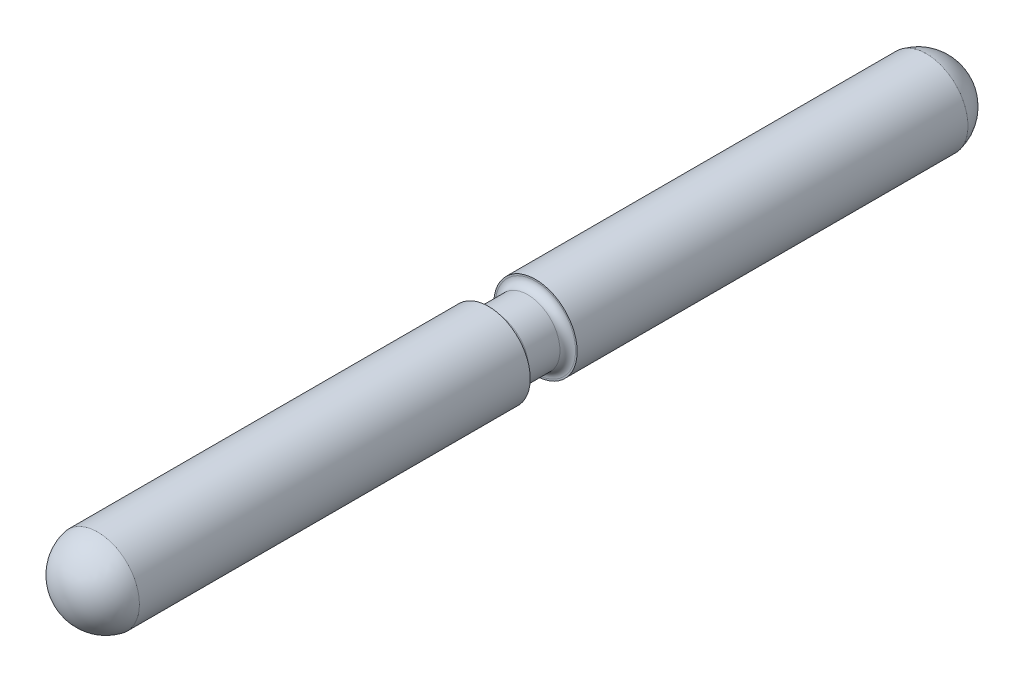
ISO-10303-21;
HEADER;
FILE_DESCRIPTION(('STEP AP214'),'2;1');
FILE_NAME('part.step','',(''),(''),'','','');
FILE_SCHEMA(('AUTOMOTIVE_DESIGN { 1 0 10303 214 1 1 1 1 }'));
ENDSEC;
DATA;
#1=APPLICATION_CONTEXT('core data for automotive mechanical design processes');
#2=APPLICATION_PROTOCOL_DEFINITION('international standard','automotive_design',2000,#1);
#3=PRODUCT_CONTEXT('',#1,'mechanical');
#4=PRODUCT('Part','Part','',(#3));
#5=PRODUCT_RELATED_PRODUCT_CATEGORY('part','',(#4));
#6=PRODUCT_DEFINITION_FORMATION('','',#4);
#7=PRODUCT_DEFINITION_CONTEXT('part definition',#1,'design');
#8=PRODUCT_DEFINITION('design','',#6,#7);
#9=PRODUCT_DEFINITION_SHAPE('','',#8);
#10=(LENGTH_UNIT() NAMED_UNIT(*) SI_UNIT(.MILLI.,.METRE.));
#11=(NAMED_UNIT(*) PLANE_ANGLE_UNIT() SI_UNIT($,.RADIAN.));
#12=(NAMED_UNIT(*) SI_UNIT($,.STERADIAN.) SOLID_ANGLE_UNIT());
#13=UNCERTAINTY_MEASURE_WITH_UNIT(LENGTH_MEASURE(1.E-05),#10,'distance_accuracy_value','');
#14=(GEOMETRIC_REPRESENTATION_CONTEXT(3) GLOBAL_UNCERTAINTY_ASSIGNED_CONTEXT((#13)) GLOBAL_UNIT_ASSIGNED_CONTEXT((#10,
#11,#12)) REPRESENTATION_CONTEXT('',''));
#15=CARTESIAN_POINT('',(0.,0.,0.));
#16=DIRECTION('',(0.,0.,1.));
#17=DIRECTION('',(1.,0.,0.));
#18=AXIS2_PLACEMENT_3D('',#15,#16,#17);
#19=CARTESIAN_POINT('',(0.145114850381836,0.,83.9831680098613));
#20=DIRECTION('',(0.,-1.,0.));
#21=DIRECTION('',(1.,0.,0.));
#22=AXIS2_PLACEMENT_3D('',#19,#20,#21);
#23=CIRCLE('',#22,8.);
#24=TRIMMED_CURVE('',#23,(PARAMETER_VALUE(-1.5889366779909)),(PARAMETER_VALUE(1.5889366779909)),
.T.,.PARAMETER.);
#25=CARTESIAN_POINT('',(0.,0.,83.9831680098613));
#26=DIRECTION('',(0.,0.,1.));
#27=AXIS1_PLACEMENT('',#25,#26);
#28=SURFACE_OF_REVOLUTION('',#24,#27);
#29=CARTESIAN_POINT('',(0.,0.,91.9818517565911));
#30=VERTEX_POINT('',#29);
#31=VERTEX_LOOP('',#30);
#32=FACE_BOUND('',#31,.T.);
#33=CARTESIAN_POINT('',(0.,0.,85.5));
#34=DIRECTION('',(0.,0.,1.));
#35=DIRECTION('',(1.,0.,0.));
#36=AXIS2_PLACEMENT_3D('',#33,#34,#35);
#37=CIRCLE('',#36,8.);
#38=CARTESIAN_POINT('',(8.,0.,85.5));
#39=VERTEX_POINT('',#38);
#40=EDGE_CURVE('E48',#39,#39,#37,.T.);
#41=ORIENTED_EDGE('',*,*,#40,.T.);
#42=EDGE_LOOP('',(#41));
#43=FACE_BOUND('',#42,.T.);
#44=ADVANCED_FACE('F30',(#32,#43),#28,.T.);
#45=CARTESIAN_POINT('',(0.,0.,100.));
#46=DIRECTION('',(0.,0.,1.));
#47=DIRECTION('',(1.,0.,0.));
#48=AXIS2_PLACEMENT_3D('',#45,#46,#47);
#49=CYLINDRICAL_SURFACE('',#48,8.);
#50=ORIENTED_EDGE('',*,*,#40,.F.);
#51=EDGE_LOOP('',(#50));
#52=FACE_BOUND('',#51,.T.);
#53=CARTESIAN_POINT('',(0.,0.,10.5));
#54=DIRECTION('',(0.,0.,1.));
#55=DIRECTION('',(1.,0.,0.));
#56=AXIS2_PLACEMENT_3D('',#53,#54,#55);
#57=CIRCLE('',#56,8.);
#58=CARTESIAN_POINT('',(8.,0.,10.5));
#59=VERTEX_POINT('',#58);
#60=EDGE_CURVE('E51',#59,#59,#57,.T.);
#61=ORIENTED_EDGE('',*,*,#60,.T.);
#62=EDGE_LOOP('',(#61));
#63=FACE_BOUND('',#62,.T.);
#64=ADVANCED_FACE('F45',(#52,#63),#49,.T.);
#65=CARTESIAN_POINT('',(0.,8.,10.5));
#66=DIRECTION('',(0.,0.,1.));
#67=DIRECTION('',(1.,0.,0.));
#68=AXIS2_PLACEMENT_3D('',#65,#66,#67);
#69=PLANE('',#68);
#70=CARTESIAN_POINT('',(0.,0.,10.5));
#71=DIRECTION('',(0.,0.,1.));
#72=DIRECTION('',(1.,0.,0.));
#73=AXIS2_PLACEMENT_3D('',#70,#71,#72);
#74=CIRCLE('',#73,7.69999999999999);
#75=CARTESIAN_POINT('',(7.69999999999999,0.,10.5));
#76=VERTEX_POINT('',#75);
#77=EDGE_CURVE('E11',#76,#76,#74,.T.);
#78=ORIENTED_EDGE('',*,*,#77,.T.);
#79=EDGE_LOOP('',(#78));
#80=FACE_BOUND('',#79,.T.);
#81=ORIENTED_EDGE('',*,*,#60,.F.);
#82=EDGE_LOOP('',(#81));
#83=FACE_BOUND('',#82,.T.);
#84=ADVANCED_FACE('F79',(#80,#83),#69,.F.);
#85=CARTESIAN_POINT('',(0.,0.,100.));
#86=DIRECTION('',(0.,0.,1.));
#87=DIRECTION('',(1.,0.,0.));
#88=AXIS2_PLACEMENT_3D('',#85,#86,#87);
#89=CYLINDRICAL_SURFACE('',#88,6.19999999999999);
#90=CARTESIAN_POINT('',(0.,0.,3.));
#91=DIRECTION('',(0.,0.,-1.));
#92=DIRECTION('',(-1.,0.,0.));
#93=AXIS2_PLACEMENT_3D('',#90,#91,#92);
#94=CIRCLE('',#93,6.19999999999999);
#95=CARTESIAN_POINT('',(-6.19999999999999,0.,3.));
#96=VERTEX_POINT('',#95);
#97=EDGE_CURVE('E54',#96,#96,#94,.F.);
#98=ORIENTED_EDGE('',*,*,#97,.T.);
#99=EDGE_LOOP('',(#98));
#100=FACE_BOUND('',#99,.T.);
#101=CARTESIAN_POINT('',(0.,0.,9.00000000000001));
#102=DIRECTION('',(0.,0.,1.));
#103=DIRECTION('',(1.,0.,0.));
#104=AXIS2_PLACEMENT_3D('',#101,#102,#103);
#105=CIRCLE('',#104,6.19999999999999);
#106=CARTESIAN_POINT('',(6.19999999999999,0.,9.00000000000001));
#107=VERTEX_POINT('',#106);
#108=EDGE_CURVE('E50',#107,#107,#105,.F.);
#109=ORIENTED_EDGE('',*,*,#108,.T.);
#110=EDGE_LOOP('',(#109));
#111=FACE_BOUND('',#110,.T.);
#112=ADVANCED_FACE('F76',(#100,#111),#89,.T.);
#113=CARTESIAN_POINT('',(0.,8.,1.5));
#114=DIRECTION('',(0.,0.,-1.));
#115=DIRECTION('',(-1.,0.,0.));
#116=AXIS2_PLACEMENT_3D('',#113,#114,#115);
#117=PLANE('',#116);
#118=CARTESIAN_POINT('',(0.,0.,1.5));
#119=DIRECTION('',(0.,0.,-1.));
#120=DIRECTION('',(-1.,0.,0.));
#121=AXIS2_PLACEMENT_3D('',#118,#119,#120);
#122=CIRCLE('',#121,7.69999999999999);
#123=CARTESIAN_POINT('',(-7.69999999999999,0.,1.5));
#124=VERTEX_POINT('',#123);
#125=EDGE_CURVE('E37',#124,#124,#122,.T.);
#126=ORIENTED_EDGE('',*,*,#125,.T.);
#127=EDGE_LOOP('',(#126));
#128=FACE_BOUND('',#127,.T.);
#129=CARTESIAN_POINT('',(0.,0.,1.5));
#130=DIRECTION('',(0.,0.,1.));
#131=DIRECTION('',(1.,0.,0.));
#132=AXIS2_PLACEMENT_3D('',#129,#130,#131);
#133=CIRCLE('',#132,8.);
#134=CARTESIAN_POINT('',(8.,0.,1.5));
#135=VERTEX_POINT('',#134);
#136=EDGE_CURVE('E57',#135,#135,#133,.T.);
#137=ORIENTED_EDGE('',*,*,#136,.T.);
#138=EDGE_LOOP('',(#137));
#139=FACE_BOUND('',#138,.T.);
#140=ADVANCED_FACE('F65',(#128,#139),#117,.F.);
#141=CARTESIAN_POINT('',(0.,0.,100.));
#142=DIRECTION('',(0.,0.,1.));
#143=DIRECTION('',(1.,0.,0.));
#144=AXIS2_PLACEMENT_3D('',#141,#142,#143);
#145=CYLINDRICAL_SURFACE('',#144,8.);
#146=ORIENTED_EDGE('',*,*,#136,.F.);
#147=EDGE_LOOP('',(#146));
#148=FACE_BOUND('',#147,.T.);
#149=CARTESIAN_POINT('',(0.,0.,-73.5));
#150=DIRECTION('',(0.,0.,1.));
#151=DIRECTION('',(1.,0.,0.));
#152=AXIS2_PLACEMENT_3D('',#149,#150,#151);
#153=CIRCLE('',#152,8.);
#154=CARTESIAN_POINT('',(8.,0.,-73.5));
#155=VERTEX_POINT('',#154);
#156=EDGE_CURVE('E109',#155,#155,#153,.T.);
#157=ORIENTED_EDGE('',*,*,#156,.T.);
#158=EDGE_LOOP('',(#157));
#159=FACE_BOUND('',#158,.T.);
#160=ADVANCED_FACE('F99',(#148,#159),#145,.T.);
#161=CARTESIAN_POINT('',(0.145114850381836,0.,-71.9831680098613));
#162=DIRECTION('',(0.,-1.,0.));
#163=DIRECTION('',(1.,0.,0.));
#164=AXIS2_PLACEMENT_3D('',#161,#162,#163);
#165=CIRCLE('',#164,8.);
#166=TRIMMED_CURVE('',#165,(PARAMETER_VALUE(-1.5889366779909)),
(PARAMETER_VALUE(1.5889366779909)),.T.,.PARAMETER.);
#167=CARTESIAN_POINT('',(0.,0.,-71.9831680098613));
#168=DIRECTION('',(0.,0.,1.));
#169=AXIS1_PLACEMENT('',#167,#168);
#170=SURFACE_OF_REVOLUTION('',#166,#169);
#171=ORIENTED_EDGE('',*,*,#156,.F.);
#172=EDGE_LOOP('',(#171));
#173=FACE_BOUND('',#172,.T.);
#174=CARTESIAN_POINT('',(0.,0.,-79.9818517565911));
#175=VERTEX_POINT('',#174);
#176=VERTEX_LOOP('',#175);
#177=FACE_BOUND('',#176,.T.);
#178=ADVANCED_FACE('F72',(#173,#177),#170,.T.);
#179=CARTESIAN_POINT('',(0.,0.,3.));
#180=DIRECTION('',(0.,0.,-1.));
#181=DIRECTION('',(-1.,0.,0.));
#182=AXIS2_PLACEMENT_3D('',#179,#180,#181);
#183=TOROIDAL_SURFACE('',#182,7.69999999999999,1.5);
#184=ORIENTED_EDGE('',*,*,#125,.F.);
#185=EDGE_LOOP('',(#184));
#186=FACE_BOUND('',#185,.T.);
#187=ORIENTED_EDGE('',*,*,#97,.F.);
#188=EDGE_LOOP('',(#187));
#189=FACE_BOUND('',#188,.T.);
#190=ADVANCED_FACE('F68',(#186,#189),#183,.F.);
#191=CARTESIAN_POINT('',(0.,0.,9.00000000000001));
#192=DIRECTION('',(0.,0.,1.));
#193=DIRECTION('',(1.,0.,0.));
#194=AXIS2_PLACEMENT_3D('',#191,#192,#193);
#195=TOROIDAL_SURFACE('',#194,7.69999999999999,1.5);
#196=ORIENTED_EDGE('',*,*,#108,.F.);
#197=EDGE_LOOP('',(#196));
#198=FACE_BOUND('',#197,.T.);
#199=ORIENTED_EDGE('',*,*,#77,.F.);
#200=EDGE_LOOP('',(#199));
#201=FACE_BOUND('',#200,.T.);
#202=ADVANCED_FACE('F71',(#198,#201),#195,.F.);
#203=CLOSED_SHELL('',(#44,#64,#84,#112,#140,#160,#178,#190,#202));
#204=MANIFOLD_SOLID_BREP('B2',#203);
#205=ADVANCED_BREP_SHAPE_REPRESENTATION('',(#18,#204),#14);
#206=SHAPE_DEFINITION_REPRESENTATION(#9,#205);
ENDSEC;
END-ISO-10303-21;

**Exercise instructions:**
Write out only the lines that run from the line containing "#111=FACE_BOUND('',#110,.T.);" through the line containing "#118=CARTESIAN_POINT('',(0.,0.,1.5));", both included, exactly as they appear above.

**Written answer:**
#111=FACE_BOUND('',#110,.T.);
#112=ADVANCED_FACE('F76',(#100,#111),#89,.T.);
#113=CARTESIAN_POINT('',(0.,8.,1.5));
#114=DIRECTION('',(0.,0.,-1.));
#115=DIRECTION('',(-1.,0.,0.));
#116=AXIS2_PLACEMENT_3D('',#113,#114,#115);
#117=PLANE('',#116);
#118=CARTESIAN_POINT('',(0.,0.,1.5));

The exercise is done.